知識がなさ過ぎて正式な名称がわからないけど、とても可愛いし大満足だ。
頼んでもないのにこんな素敵な事をしてくれるなんて…すごい嬉しい。
まあ、最初はちょっと不安だったけど結果的に良くなったから、素直に喜んだ。
「マリアさん…ありがとう…!これ…とっても可愛い…!」
私は素直にうれしい気持ちを笑顔に転換させて、ダイレクトにマリアに伝えた。
「…!そ…そうですか…!……失礼。あまりにも笑顔がまぶしくて…つい反応に遅れました。」
マリアは照れくさそうに目を下に向けた。羞恥心で正面から目を合わせられない様子は乙女チックで、見ている私までもがドキッとする。外の美しい山々の風景も相まってより一層美しく見える。これがゲレンデ効果ってやつなのかもしれない。ゲレンデ効果の意味はよくわからないけど…。
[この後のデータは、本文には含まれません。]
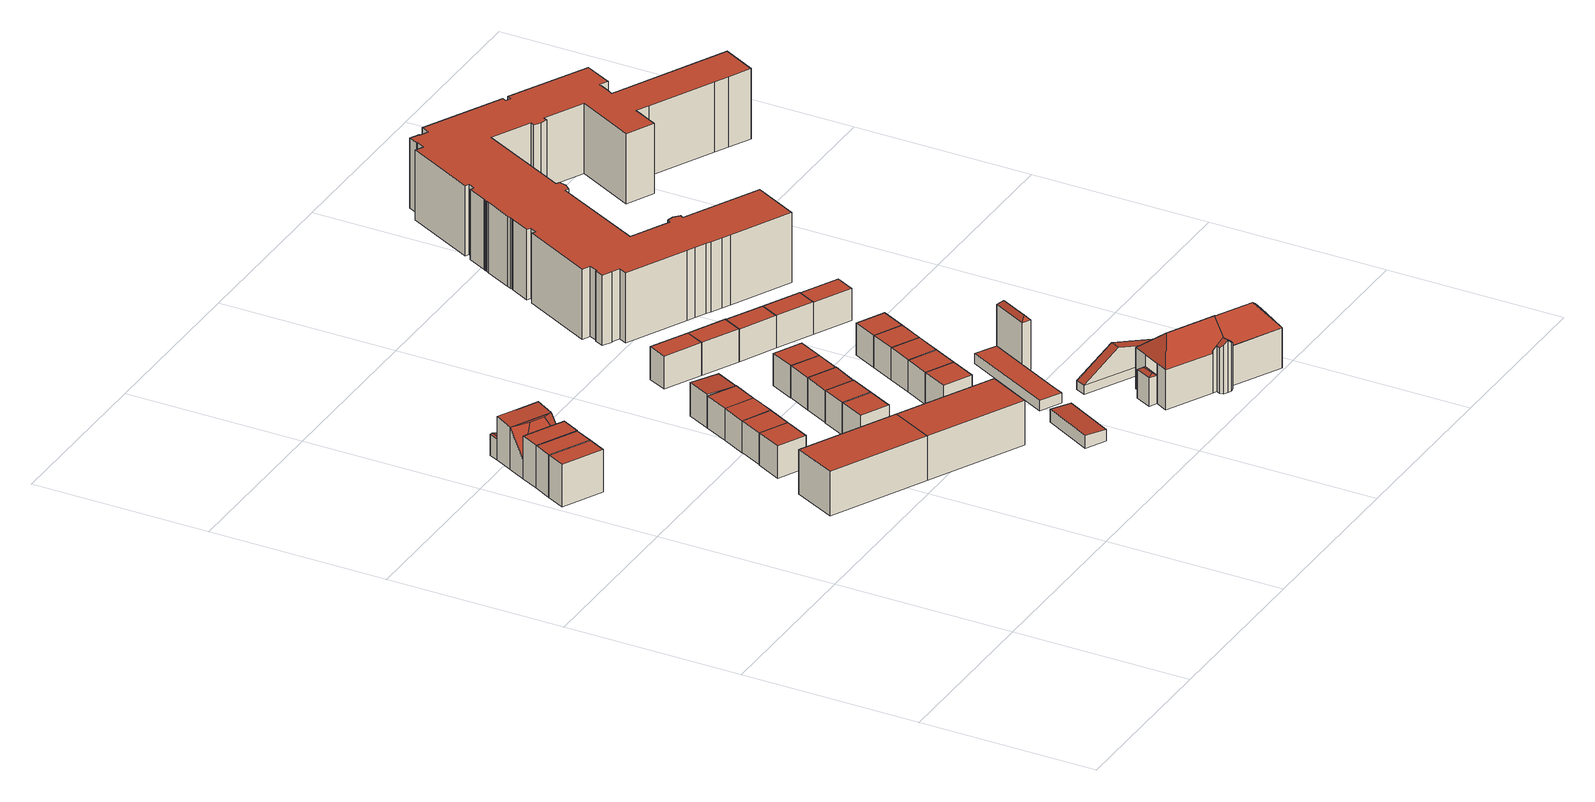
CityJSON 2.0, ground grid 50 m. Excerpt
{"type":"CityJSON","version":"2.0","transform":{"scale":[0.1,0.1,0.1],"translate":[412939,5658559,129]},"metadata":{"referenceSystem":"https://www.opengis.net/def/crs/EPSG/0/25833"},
"CityObjects":{
"building1":{"type":"Building","attributes":{"Dachtyp_tdc":"tdcPolyFlatRoof","Gemeindeschluessel":14612000,"Dachneigung":0,"QualitaetDacherkennung":31,"Geometrietyp2DReferenz":"3000","measuredHeight":12.28,"function":"31001_9998","roofType":"1000"},"geometry":[{"type":"Solid","lod":"2","boundaries":[[[[0,1,2,3]],[[1,4,5,2]],[[4,6,7,5]],[[6,0,3,7]],[[6,4,1,0]],[[3,2,5,7]]]],"semantics":{"surfaces":[{"type":"WallSurface"},{"type":"RoofSurface"},{"type":"GroundSurface"}],"values":[[0,0,0,0,1,2]]}}]},
"building2":{"type":"Building","attributes":{"Dachtyp_tdc":"tdcPolyFlatRoof","Gemeindeschluessel":14612000,"Dachneigung":0,"QualitaetDacherkennung":50,"Geometrietyp2DReferenz":"3000","measuredHeight":12.31,"function":"31001_9998","roofType":"1000"},"geometry":[{"type":"Solid","lod":"2","boundaries":[[[[8,0,3,9]],[[0,6,7,3]],[[6,10,11,7]],[[10,8,9,11]],[[10,6,0,8]],[[9,3,7,11]]]],"semantics":{"surfaces":[{"type":"WallSurface"},{"type":"RoofSurface"},{"type":"GroundSurface"}],"values":[[0,0,0,0,1,2]]}}]},
"building3":{"type":"Building","attributes":{"Dachtyp_tdc":"tdcPolyFlatRoof","Gemeindeschluessel":14612000,"Dachneigung":0,"QualitaetDacherkennung":34,"Geometrietyp2DReferenz":"3000","measuredHeight":12.39,"function":"31001_9998","roofType":"1000"},"geometry":[{"type":"Solid","lod":"2","boundaries":[[[[12,13,9,14]],[[13,15,11,9]],[[15,16,17,11]],[[16,12,14,17]],[[16,15,13,12]],[[14,9,11,17]]]],"semantics":{"surfaces":[{"type":"WallSurface"},{"type":"RoofSurface"},{"type":"GroundSurface"}],"values":[[0,0,0,0,1,2]]}}]},
"building4":{"type":"Building","attributes":{"Dachtyp_tdc":"tdcHipRoof","Gemeindeschluessel":14612000,"Dachneigung":64.22,"QualitaetDacherkennung":22,"Geometrietyp2DReferenz":"3000","measuredHeight":12.96,"function":"31001_9998","roofType":"3200"},"geometry":[{"type":"Solid","lod":"2","boundaries":[[[[18,19,17,14]],[[19,20,21,17]],[[20,22,23,21]],[[22,18,14,23]],[[20,19,24]],[[18,22,25]],[[19,18,25,24]],[[22,20,24,25]],[[14,17,21,23]]]],"semantics":{"surfaces":[{"type":"WallSurface"},{"type":"RoofSurface"},{"type":"GroundSurface"}],"values":[[0,0,0,0,1,1,1,1,2]]}}]},
"building5":{"type":"Building","attributes":{"Gemeindeschluessel":14612000,"Geometrietyp2DReferenz":"3000","function":"31001_9998","roofType":"9999"},"children":["building5-1","building5-2"]},
"building5-1":{"type":"BuildingPart","attributes":{"Dachtyp_tdc":"tdcPolyFlatRoof","Dachneigung":4.49,"QualitaetDacherkennung":57,"Geometrietyp2DReferenz":"3000","measuredHeight":12.61,"roofType":"2100"},"parents":["building5"],"geometry":[{"type":"MultiSurface","lod":"2","boundaries":[[[20,26,27,28,21]],[[29,30,31,32,33]],[[30,22,23,31]],[[22,20,21,23]],[[22,30,29,26,20]],[[21,28,32,31,23]]],"semantics":{"surfaces":[{"type":"WallSurface"},{"type":"RoofSurface"},{"type":"GroundSurface"}],"values":[0,0,0,0,1,2]}}]},
"building5-2":{"type":"BuildingPart","attributes":{"Dachtyp_tdc":"tdcGableRoof","Dachneigung":18.9,"QualitaetDacherkennung":33,"Geometrietyp2DReferenz":"3000","measuredHeight":6.35,"roofType":"3100"},"parents":["building5"],"geometry":[{"type":"MultiSurface","lod":"2","boundaries":[[[27,34,35,28]],[[34,36,37,35]],[[36,33,32,37]],[[36,34,38]],[[34,27,39,38]],[[33,36,38,39]],[[28,35,37,32]]],"semantics":{"surfaces":[{"type":"WallSurface"},{"type":"RoofSurface"},{"type":"GroundSurface"}],"values":[0,0,0,0,1,1,2]}}]},
"building6":{"type":"Building","attributes":{"Dachtyp_tdc":"tdcPolyFlatRoof","Gemeindeschluessel":14612000,"Dachneigung":0,"QualitaetDacherkennung":75,"Geometrietyp2DReferenz":"3000","measuredHeight":12.89,"function":"31001_9998","roofType":"1000"},"geometry":[{"type":"Solid","lod":"2","boundaries":[[[[40,41,42,43]],[[41,44,45,42]],[[44,46,47,45]],[[46,40,43,47]],[[46,44,41,40]],[[43,42,45,47]]]],"semantics":{"surfaces":[{"type":"WallSurface"},{"type":"RoofSurface"},{"type":"GroundSurface"}],"values":[[0,0,0,0,1,2]]}}]},
"building7":{"type":"Building","attributes":{"Dachtyp_tdc":"tdcPolyFlatRoof","Gemeindeschluessel":14612000,"Dachneigung":0,"QualitaetDacherkennung":45,"Geometrietyp2DReferenz":"3000","measuredHeight":9.41,"function":"31001_9998","roofType":"1000"},"geometry":[{"type":"Solid","lod":"2","boundaries":[[[[48,49,50,51]],[[49,52,53,50]],[[52,54,55,53]],[[54,48,51,55]],[[54,52,49,48]],[[51,50,53,55]]]],"semantics":{"surfaces":[{"type":"WallSurface"},{"type":"RoofSurface"},{"type":"GroundSurface"}],"values":[[0,0,0,0,1,2]]}}]},
"building8":{"type":"Building","attributes":{"Dachtyp_tdc":"tdcPolyFlatRoof","Gemeindeschluessel":14612000,"Dachneigung":0,"QualitaetDacherkennung":50,"Geometrietyp2DReferenz":"3000","measuredHeight":9.24,"function":"31001_9998","roofType":"1000"},"geometry":[{"type":"Solid","lod":"2","boundaries":[[[[56,48,57,58]],[[48,54,59,57]],[[54,60,61,59]],[[60,56,58,61]],[[60,54,48,56]],[[58,57,59,61]]]],"semantics":{"surfaces":[{"type":"WallSurface"},{"type":"RoofSurface"},{"type":"GroundSurface"}],"values":[[0,0,0,0,1,2]]}}]},
"building9":{"type":"Building","attributes":{"Dachtyp_tdc":"tdcPolyFlatRoof","Gemeindeschluessel":14612000,"Dachneigung":0,"QualitaetDacherkennung":49,"Geometrietyp2DReferenz":"3000","measuredHeight":9.34,"function":"31001_9998","roofType":"1000"},"geometry":[{"type":"Solid","lod":"2","boundaries":[[[[62,63,64,65]],[[66,60,56,67]],[[67,56,63,62]],[[56,60,64,63]],[[60,66,65,64]],[[66,67,62,65]]]],"semantics":{"surfaces":[{"type":"GroundSurface"},{"type":"RoofSurface"},{"type":"WallSurface"}],"values":[[0,1,2,2,2,2]]}}]},
"building10":{"type":"Building","attributes":{"Dachtyp_tdc":"tdcPolyFlatRoof","Gemeindeschluessel":14612000,"Dachneigung":0,"QualitaetDacherkennung":47,"Geometrietyp2DReferenz":"3000","measuredHeight":9.35,"function":"31001_9998","roofType":"1000"},"geometry":[{"type":"Solid","lod":"2","boundaries":[[[[68,67,62,69]],[[67,66,65,62]],[[66,70,71,65]],[[70,68,69,71]],[[70,66,67,68]],[[69,62,65,71]]]],"semantics":{"surfaces":[{"type":"WallSurface"},{"type":"RoofSurface"},{"type":"GroundSurface"}],"values":[[0,0,0,0,1,2]]}}]},
"building11":{"type":"Building","attributes":{"Dachtyp_tdc":"tdcPolyFlatRoof","Gemeindeschluessel":14612000,"Dachneigung":0,"QualitaetDacherkennung":71,"Geometrietyp2DReferenz":"3000","measuredHeight":12.89,"function":"31001_9998","roofType":"1000"},"geometry":[{"type":"Solid","lod":"2","boundaries":[[[[72,73,74,75]],[[73,41,42,74]],[[41,40,43,42]],[[40,72,75,43]],[[40,41,73,72]],[[75,74,42,43]]]],"semantics":{"surfaces":[{"type":"WallSurface"},{"type":"RoofSurface"},{"type":"GroundSurface"}],"values":[[0,0,0,0,1,2]]}}]},
"building12":{"type":"Building","attributes":{"Dachtyp_tdc":"tdcPolyFlatRoof","Gemeindeschluessel":14612000,"Dachneigung":0,"QualitaetDacherkennung":47,"Geometrietyp2DReferenz":"3000","measuredHeight":9.44,"function":"31001_9998","roofType":"1000"},"geometry":[{"type":"Solid","lod":"2","boundaries":[[[[76,77,78,79]],[[77,80,81,78]],[[80,82,83,81]],[[82,76,79,83]],[[82,80,77,76]],[[79,78,81,83]]]],"semantics":{"surfaces":[{"type":"WallSurface"},{"type":"RoofSurface"},{"type":"GroundSurface"}],"values":[[0,0,0,0,1,2]]}}]},
"building13":{"type":"Building","attributes":{"Dachtyp_tdc":"tdcPolyFlatRoof","Gemeindeschluessel":14612000,"Dachneigung":2.86,"QualitaetDacherkennung":45,"Geometrietyp2DReferenz":"3000","measuredHeight":9.7,"function":"31001_9998","roofType":"2100"},"geometry":[{"type":"Solid","lod":"2","boundaries":[[[[84,85,71,69]],[[85,86,87,71]],[[86,88,89,87]],[[88,84,69,89]],[[88,86,85,84]],[[69,71,87,89]]]],"semantics":{"surfaces":[{"type":"WallSurface"},{"type":"RoofSurface"},{"type":"GroundSurface"}],"values":[[0,0,0,0,1,2]]}}]},
"building14":{"type":"Building","attributes":{"Dachtyp_tdc":"tdcPolyFlatRoof","Gemeindeschluessel":14612000,"Dachneigung":0,"QualitaetDacherkennung":49,"Geometrietyp2DReferenz":"3000","measuredHeight":9.37,"function":"31001_9998","roofType":"1000"},"geometry":[{"type":"Solid","lod":"2","boundaries":[[[[90,76,79,91]],[[76,82,83,79]],[[82,92,93,83]],[[92,90,91,93]],[[92,82,76,90]],[[91,79,83,93]]]],"semantics":{"surfaces":[{"type":"WallSurface"},{"type":"RoofSurface"},{"type":"GroundSurface"}],"values":[[0,0,0,0,1,2]]}}]},
"building15":{"type":"Building","attributes":{"Dachtyp_tdc":"tdcPolyFlatRoof","Gemeindeschluessel":14612000,"Dachneigung":2.81,"QualitaetDacherkennung":53,"Geometrietyp2DReferenz":"3000","measuredHeight":9.51,"function":"31001_9998","roofType":"2100"},"geometry":[{"type":"Solid","lod":"2","boundaries":[[[[94,95,96,97]],[[95,98,99,96]],[[98,100,101,99]],[[100,94,97,101]],[[100,98,95,94]],[[97,96,99,101]]]],"semantics":{"surfaces":[{"type":"WallSurface"},{"type":"RoofSurface"},{"type":"GroundSurface"}],"values":[[0,0,0,0,1,2]]}}]},
"building16":{"type":"Building","attributes":{"Dachtyp_tdc":"tdcPolyFlatRoof","Gemeindeschluessel":14612000,"Dachneigung":3.16,"QualitaetDacherkennung":84,"Geometrietyp2DReferenz":"3000","measuredHeight":3.71,"function":"31001_9998","roofType":"2100"},"geometry":[{"type":"Solid","lod":"2","boundaries":[[[[102,103,104,105]],[[103,106,107,104]],[[106,108,109,107]],[[108,102,105,109]],[[108,106,103,102]],[[105,104,107,109]]]],"semantics":{"surfaces":[{"type":"WallSurface"},{"type":"RoofSurface"},{"type":"GroundSurface"}],"values":[[0,0,0,0,1,2]]}}]},
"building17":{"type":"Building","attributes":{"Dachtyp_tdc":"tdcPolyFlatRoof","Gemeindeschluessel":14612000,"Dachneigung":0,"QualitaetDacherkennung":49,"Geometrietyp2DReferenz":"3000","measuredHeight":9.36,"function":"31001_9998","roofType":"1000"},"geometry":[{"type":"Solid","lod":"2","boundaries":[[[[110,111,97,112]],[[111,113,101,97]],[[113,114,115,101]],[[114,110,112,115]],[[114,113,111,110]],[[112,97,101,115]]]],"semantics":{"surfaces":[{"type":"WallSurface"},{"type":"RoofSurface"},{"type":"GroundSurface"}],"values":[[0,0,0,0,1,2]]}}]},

「ちけっ…。ぎゃへっへへ…げへぇ…!『ちっ、人前で惚気やがって。すげえうぜえ…!』」
「なんて言ってるんだぜ?」
「すごくロマンスを感じてキュンキュンするって~。シフたんも乙女なんだね~♡」
「んなこと言ってないデス!捏造するなデス!」
後ろの方でコロロ達がワイワイと楽しそうに話している。
シフは順応したようでもう打ち解けているようだ。正確にはコロロにイジられているだけで順応したわけではないけど…。傍から見ればなれ合っているように見えるので、打ち解けたことにした。
………。
………………。
三股の水晶の形のシンボルマークが描かれた旗が架けられた白い石のレンガの門を潜り抜けて、生命の信仰者の街、アルブに到着した。
眼前には美しい白銀の街が広がっていた。
白いレンガで建てられた家や銀の装飾がふんだんに使われた小さな教会、清楚な修道服に身を包み街道で談笑する聖職者達、三股の銀槍をもって見回りをする白いサーコートと銀の鎧を着た兵士、地面の建材やちょっと先進的な街灯の光等、全てが白と銀で太陽に照らされて輝いている。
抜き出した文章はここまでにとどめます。